Predicting the premier league results
Here is the spreadsheet showing the way in which my predictions were made. I hope it is comprehensible, at least for enthusiasts! I discussed this on the Today programme the day before the matches.
The statistical method used is basically the same as we used last year, when we did well and got 9 win/draw/lose correct and 2 exact scores. For each team we work out an expected number of goals that they will score: this is based on the average for a home or away side (1.69 and 1.09, this season, a strong home advantage of over 50%), adjusted by the 'attack strength' of the team and the 'defence weakness' of their opponents. The expected number of goals for each team are then taken as the means of two independent Poisson distributions and the probability of each goal combination calculated. Adding up the relevant probabilities then gives the assessed chances of a home win, draw, or away win.
Last year we used a very simple model for attack strength and defence weakness, based on the total goals scored and conceded during the season. This year we have allowed the attack strength to depend on whether the team is playing home and away - this easiest way to do this is to consider goals scored home and away entirely independently, but we have 'smoothed' the resulting estimates by giving some weight to away goals when estimating home attack strength. (In formal statistical terms, we are fitting an approximate Poisson regression model with main effects for home/away, team and opposing team, and a mixed effect interaction term.)
A real problem occurs when the 'most likely' exact score is a draw, but overall the most likely overall result is a win for one team. In this case we have gone for the most likely overall outcome, although this means we have not predicted any draws.
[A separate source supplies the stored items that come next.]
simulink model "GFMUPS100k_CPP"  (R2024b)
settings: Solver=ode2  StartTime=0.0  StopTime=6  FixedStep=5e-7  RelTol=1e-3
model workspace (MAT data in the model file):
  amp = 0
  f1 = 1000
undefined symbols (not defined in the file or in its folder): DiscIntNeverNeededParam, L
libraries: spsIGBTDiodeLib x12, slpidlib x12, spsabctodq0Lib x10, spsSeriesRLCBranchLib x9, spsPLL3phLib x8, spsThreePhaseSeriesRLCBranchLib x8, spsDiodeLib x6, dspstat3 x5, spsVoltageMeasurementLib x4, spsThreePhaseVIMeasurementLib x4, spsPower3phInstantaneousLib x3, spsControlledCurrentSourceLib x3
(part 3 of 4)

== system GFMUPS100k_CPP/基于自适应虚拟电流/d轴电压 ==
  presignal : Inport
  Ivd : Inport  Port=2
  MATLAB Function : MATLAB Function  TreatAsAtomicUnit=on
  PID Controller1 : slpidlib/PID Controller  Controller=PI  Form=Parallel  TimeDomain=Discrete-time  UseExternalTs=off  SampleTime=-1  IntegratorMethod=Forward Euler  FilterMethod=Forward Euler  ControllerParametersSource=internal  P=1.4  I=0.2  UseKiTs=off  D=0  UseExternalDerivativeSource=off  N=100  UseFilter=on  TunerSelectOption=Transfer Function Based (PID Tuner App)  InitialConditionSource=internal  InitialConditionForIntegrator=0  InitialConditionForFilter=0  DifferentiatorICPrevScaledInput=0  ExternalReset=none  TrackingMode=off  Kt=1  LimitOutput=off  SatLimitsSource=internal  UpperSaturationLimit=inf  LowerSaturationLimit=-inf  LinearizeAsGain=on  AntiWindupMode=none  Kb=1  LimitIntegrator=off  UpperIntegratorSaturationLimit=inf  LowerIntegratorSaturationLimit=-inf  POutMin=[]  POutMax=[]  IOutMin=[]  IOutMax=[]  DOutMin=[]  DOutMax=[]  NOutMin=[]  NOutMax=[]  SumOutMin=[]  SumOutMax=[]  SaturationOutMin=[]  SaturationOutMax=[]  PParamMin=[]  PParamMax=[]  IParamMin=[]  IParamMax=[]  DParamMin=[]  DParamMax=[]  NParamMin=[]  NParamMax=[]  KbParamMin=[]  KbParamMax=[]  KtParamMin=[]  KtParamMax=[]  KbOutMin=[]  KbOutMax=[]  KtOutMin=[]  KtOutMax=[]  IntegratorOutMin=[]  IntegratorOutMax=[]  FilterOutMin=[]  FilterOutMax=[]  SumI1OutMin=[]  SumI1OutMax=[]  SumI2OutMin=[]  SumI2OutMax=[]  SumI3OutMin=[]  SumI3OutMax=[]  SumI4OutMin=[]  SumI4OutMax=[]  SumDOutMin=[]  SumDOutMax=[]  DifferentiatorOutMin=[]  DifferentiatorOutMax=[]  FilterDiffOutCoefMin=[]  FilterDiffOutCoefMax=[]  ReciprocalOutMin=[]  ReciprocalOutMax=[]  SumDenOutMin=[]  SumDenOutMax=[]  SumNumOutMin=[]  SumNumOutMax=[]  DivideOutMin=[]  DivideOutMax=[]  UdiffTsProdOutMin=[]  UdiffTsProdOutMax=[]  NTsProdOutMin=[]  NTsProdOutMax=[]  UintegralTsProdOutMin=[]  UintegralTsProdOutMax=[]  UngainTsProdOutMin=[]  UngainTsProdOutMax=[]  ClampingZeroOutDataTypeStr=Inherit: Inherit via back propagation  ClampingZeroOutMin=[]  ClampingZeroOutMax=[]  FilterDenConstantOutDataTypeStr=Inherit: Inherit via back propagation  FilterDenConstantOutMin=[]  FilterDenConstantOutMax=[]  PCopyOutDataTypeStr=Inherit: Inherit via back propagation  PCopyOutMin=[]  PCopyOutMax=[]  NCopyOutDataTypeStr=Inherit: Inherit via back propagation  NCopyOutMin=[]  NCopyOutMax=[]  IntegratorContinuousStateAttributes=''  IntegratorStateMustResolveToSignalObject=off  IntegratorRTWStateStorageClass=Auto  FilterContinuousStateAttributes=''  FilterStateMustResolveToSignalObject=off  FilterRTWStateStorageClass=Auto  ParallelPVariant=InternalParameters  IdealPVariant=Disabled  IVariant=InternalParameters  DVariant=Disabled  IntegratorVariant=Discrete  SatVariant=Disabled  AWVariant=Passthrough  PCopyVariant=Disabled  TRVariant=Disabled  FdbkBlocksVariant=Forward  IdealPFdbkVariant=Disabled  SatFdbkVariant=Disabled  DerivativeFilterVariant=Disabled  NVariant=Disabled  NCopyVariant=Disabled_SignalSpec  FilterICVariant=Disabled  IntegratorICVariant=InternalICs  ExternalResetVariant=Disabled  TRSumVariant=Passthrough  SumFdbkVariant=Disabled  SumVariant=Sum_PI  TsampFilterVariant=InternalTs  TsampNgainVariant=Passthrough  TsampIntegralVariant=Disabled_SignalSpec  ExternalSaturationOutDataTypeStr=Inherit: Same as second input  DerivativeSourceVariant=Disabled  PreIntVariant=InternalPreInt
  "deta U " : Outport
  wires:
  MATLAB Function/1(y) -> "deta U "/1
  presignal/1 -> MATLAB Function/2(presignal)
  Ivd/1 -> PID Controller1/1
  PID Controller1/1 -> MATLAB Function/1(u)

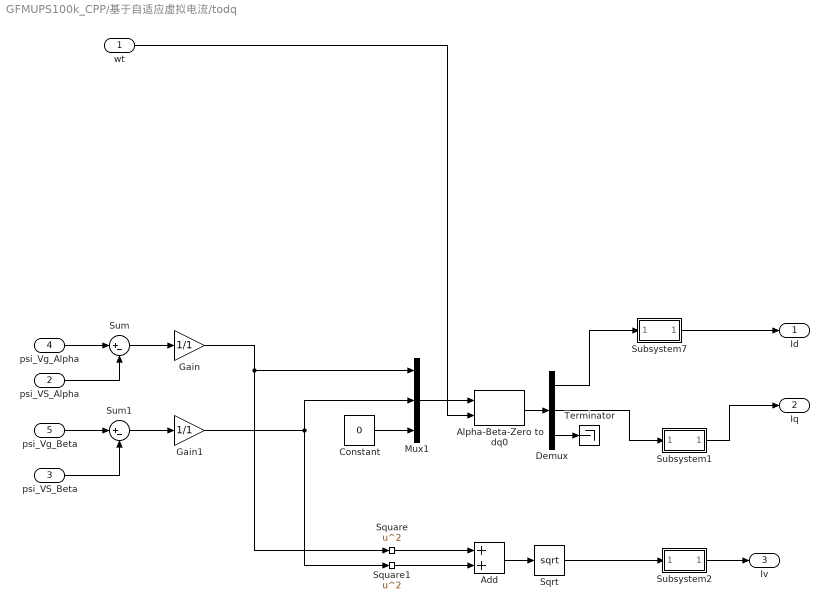
== system GFMUPS100k_CPP/基于自适应虚拟电流/todq ==
  wt : Inport
  psi_VS_Alpha : Inport  Port=2
  psi_VS_Beta : Inport  Port=3
  psi_Vg_Alpha : Inport  Port=4
  psi_Vg_Beta : Inport  Port=5
  Add : Sum
  Alpha-Beta-Zero to dq0 : spsAlphaBetaZerotodq0Lib/Alpha-Beta-Zero to dq0  Alignment=90 degrees behind phase A axis
  Constant : Constant  Value=0
  Demux : Demux  Outputs=3
  Gain : Gain  Gain=1/1
  Gain1 : Gain  Gain=1/1
  Mux1 : Mux  Inputs=3
  Sqrt : Sqrt
  Square : Math  Operator=square
  Square1 : Math  Operator=square
  Subsystem1 : Subsystem
  Subsystem2 : Subsystem
  Subsystem7 : Subsystem
  Sum : Sum  Inputs=|+-
  Sum1 : Sum  Inputs=|+-
  Terminator : Terminator
  Id : Outport
  Iq : Outport  Port=2
  Iv : Outport  Port=3
  wires:
  Demux/2 -> Subsystem1/1(In1)
  Constant/1 -> Mux1/3
  Square/1 -> Add/1
  Add/1 -> Sqrt/1
  Mux1/1 -> Alpha-Beta-Zero to dq0/1
  Square1/1 -> Add/2
  Demux/1 -> Subsystem7/1(In1)
  Gain/1 -> Square/1, Mux1/1
  Sqrt/1 -> Subsystem2/1(In1)
  Demux/3 -> Terminator/1
  Sum1/1 -> Gain1/1
  wt/1 -> Alpha-Beta-Zero to dq0/2
  Sum/1 -> Gain/1
  Alpha-Beta-Zero to dq0/1 -> Demux/1
  Gain1/1 -> Mux1/2, Square1/1
  psi_VS_Beta/1 -> Sum1/2
  psi_Vg_Beta/1 -> Sum1/1
  psi_Vg_Alpha/1 -> Sum/1
  psi_VS_Alpha/1 -> Sum/2
  Subsystem7/1(Out1) -> Id/1
  Subsystem1/1(Out1) -> Iq/1
  Subsystem2/1(Out1) -> Iv/1

== system GFMUPS100k_CPP/基于自适应虚拟电流/标幺 ==
  abc : Inport
  abc1 : Inport  Port=2
  Demux : Demux  Outputs=3
  Demux1 : Demux  Outputs=3
  Gain1 : Gain  Gain=1/311
  Gain2 : Gain  Gain=1/311
  Scope1 : Scope
  Terminator1 : Terminator
  Terminator2 : Terminator
  abc to Alpha-Beta-Zero1 : spsabctoAlphaBetaZeroLib/abc to Alpha-Beta-Zero
  abc to Alpha-Beta-Zero2 : spsabctoAlphaBetaZeroLib/abc to Alpha-Beta-Zero
  Vs_alpha : Outport
  Vs_beta : Outport  Port=2
  Vg_alpha1 : Outport  Port=3
  Vg_beta1 : Outport  Port=4
  wires:
  Demux1/2 -> Vg_beta1/1
  Demux1/3 -> Terminator2/1
  Demux1/1 -> Vg_alpha1/1
  Demux/2 -> Vs_beta/1
  abc to Alpha-Beta-Zero2/1 -> Demux1/1
  abc1/1 -> Gain1/1
  abc to Alpha-Beta-Zero1/1 -> Demux/1
  Demux/3 -> Terminator1/1
  Gain2/1 -> abc to Alpha-Beta-Zero1/1
  Demux/1 -> Vs_alpha/1
  abc/1 -> Gain2/1
  Gain1/1 -> Scope1/1, abc to Alpha-Beta-Zero2/1

== system GFMUPS100k_CPP/基于自适应虚拟电流/自适应PI ==
  Ivq_re : Inport
  Kp_base : Inport  Port=2
  Ki_base : Inport  Port=3
  Gain : Gain
  PID Controller : slpidlib/PID Controller  Controller=PI  Form=Parallel  TimeDomain=Discrete-time  UseExternalTs=off  SampleTime=5e-05  IntegratorMethod=Forward Euler  FilterMethod=Forward Euler  ControllerParametersSource=external  P=1  I=1  UseKiTs=off  D=0  UseExternalDerivativeSource=off  N=100  UseFilter=on  TunerSelectOption=Transfer Function Based (PID Tuner App)  InitialConditionSource=internal  InitialConditionForIntegrator=0  InitialConditionForFilter=0  DifferentiatorICPrevScaledInput=0  ExternalReset=none  TrackingMode=off  Kt=1  LimitOutput=off  SatLimitsSource=internal  UpperSaturationLimit=inf  LowerSaturationLimit=-inf  LinearizeAsGain=on  AntiWindupMode=none  Kb=1  LimitIntegrator=off  UpperIntegratorSaturationLimit=inf  LowerIntegratorSaturationLimit=-inf  POutMin=[]  POutMax=[]  IOutMin=[]  IOutMax=[]  DOutMin=[]  DOutMax=[]  NOutMin=[]  NOutMax=[]  SumOutMin=[]  SumOutMax=[]  SaturationOutMin=[]  SaturationOutMax=[]  PParamMin=[]  PParamMax=[]  IParamMin=[]  IParamMax=[]  DParamMin=[]  DParamMax=[]  NParamMin=[]  NParamMax=[]  KbParamMin=[]  KbParamMax=[]  KtParamMin=[]  KtParamMax=[]  KbOutMin=[]  KbOutMax=[]  KtOutMin=[]  KtOutMax=[]  IntegratorOutMin=[]  IntegratorOutMax=[]  FilterOutMin=[]  FilterOutMax=[]  SumI1OutMin=[]  SumI1OutMax=[]  SumI2OutMin=[]  SumI2OutMax=[]  SumI3OutMin=[]  SumI3OutMax=[]  SumI4OutMin=[]  SumI4OutMax=[]  SumDOutMin=[]  SumDOutMax=[]  DifferentiatorOutMin=[]  DifferentiatorOutMax=[]  FilterDiffOutCoefMin=[]  FilterDiffOutCoefMax=[]  ReciprocalOutMin=[]  ReciprocalOutMax=[]  SumDenOutMin=[]  SumDenOutMax=[]  SumNumOutMin=[]  SumNumOutMax=[]  DivideOutMin=[]  DivideOutMax=[]  UdiffTsProdOutMin=[]  UdiffTsProdOutMax=[]  NTsProdOutMin=[]  NTsProdOutMax=[]  UintegralTsProdOutMin=[]  UintegralTsProdOutMax=[]  UngainTsProdOutMin=[]  UngainTsProdOutMax=[]  ClampingZeroOutDataTypeStr=Inherit: Inherit via back propagation  ClampingZeroOutMin=[]  ClampingZeroOutMax=[]  FilterDenConstantOutDataTypeStr=Inherit: Inherit via back propagation  FilterDenConstantOutMin=[]  FilterDenConstantOutMax=[]  PCopyOutDataTypeStr=Inherit: Inherit via back propagation  PCopyOutMin=[]  PCopyOutMax=[]  NCopyOutDataTypeStr=Inherit: Inherit via back propagation  NCopyOutMin=[]  NCopyOutMax=[]  IntegratorContinuousStateAttributes=''  IntegratorStateMustResolveToSignalObject=off  IntegratorRTWStateStorageClass=Auto  FilterContinuousStateAttributes=''  FilterStateMustResolveToSignalObject=off  FilterRTWStateStorageClass=Auto  ParallelPVariant=ExternalParameters  IdealPVariant=Disabled  IVariant=ExternalParameters  DVariant=Disabled  IntegratorVariant=Discrete  SatVariant=Disabled  AWVariant=Passthrough  PCopyVariant=Disabled  TRVariant=Disabled  FdbkBlocksVariant=Forward  IdealPFdbkVariant=Disabled  SatFdbkVariant=Disabled  DerivativeFilterVariant=Disabled  NVariant=Disabled  NCopyVariant=Disabled_SignalSpec  FilterICVariant=Disabled  IntegratorICVariant=InternalICs  ExternalResetVariant=Disabled  TRSumVariant=Passthrough  SumFdbkVariant=Disabled  SumVariant=Sum_PI  TsampFilterVariant=InternalTs  TsampNgainVariant=Passthrough  TsampIntegralVariant=Disabled_SignalSpec  ExternalSaturationOutDataTypeStr=Inherit: Same as second input  DerivativeSourceVariant=Disabled  PreIntVariant=InternalPreInt
  Scope1 : Scope  NumInputPorts=2
  adaptive_PI : MATLAB Function  TreatAsAtomicUnit=on  SystemSampleTime=5e-05
  预同步 : Subsystem
  预同步1 : Subsystem
  Out1 : Outport
  wires:
  Ki_base/1 -> adaptive_PI/3(Ki_base)
  Ivq_re/1 -> adaptive_PI/1(Ivq_re), PID Controller/1
  adaptive_PI/1(Kp_act) -> 预同步/1(d_theta)
  Kp_base/1 -> adaptive_PI/2(Kp_base)
  adaptive_PI/2(Ki_act) -> 预同步1/1(d_theta)
  Gain/1 -> Out1/1
  PID Controller/1 -> Gain/1
  预同步/1(Out1) -> PID Controller/2, Scope1/1
  预同步1/1(Out1) -> PID Controller/3, Scope1/2

== system GFMUPS100k_CPP/基于转dq的预同步控制1/电压预同步 ==
  Vg : Inport
  Vabc : Inport  Port=2
  presignal : Inport  Port=3
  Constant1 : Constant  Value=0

The final predictions are as follows:
Home | Away | Most likely | Probability of result | Probability | Actual result |
---|---|---|---|---|---|
score | (win/draw/lose) | exact score | |||
Arsenal | Fulham | 2-0 | 73% | 15% | 4-0 |
Aston Villa | Blackburn | 1-0 | 69% | 16% | 0-1 |
Bolton | Birmingham | 1-0 | 39% | 11% | 2-1 |
Burnley | Tottenham | 0-2 | 64% | 11% | 4-2 |
Chelsea | Wigan | 4-0 | 96% | 11% | 8-0 |
Everton | Portsmouth | 2-0 | 75% | 14% | 1-0 |
Hull | Liverpool | 0-1 | 61% | 14% | 0-0 |
Man U | Stoke | 2-0 | 80% | 18% | 4-0 |
West Ham | Man C | 1-2 | 55% | 10% | 1-1 |
Wolves | Sunderland | 0-1 | 37% | 15% | 2-1 |
It is important that by adding up the probabilities we can work out how many we expect to get right: 6.5 results and 1.3 exact scores, and anything more than this is luck!
By multiplying the probabilities we can assess the chance that all the predictions will be correct: this comes to around a 1 in 100 chance that all the results will be right, and around 1 in 700 million chance that all the exact scores will be correct. That's why I don't bet on these predictions.
Added at 6pm on Sunday 9th May
A fairly pathetic result. Only 5 results right and no correct exact scores, less than expected but not incompatible with the probabilities given. Just goes to show that uncertainty does not always play out as desired. Mark Lawrenson for the BBC did better: 6 results and 2 exact scores, so he gets his own back for last year when he only got 7 results and 1 exact score. Oh well, back to the day job.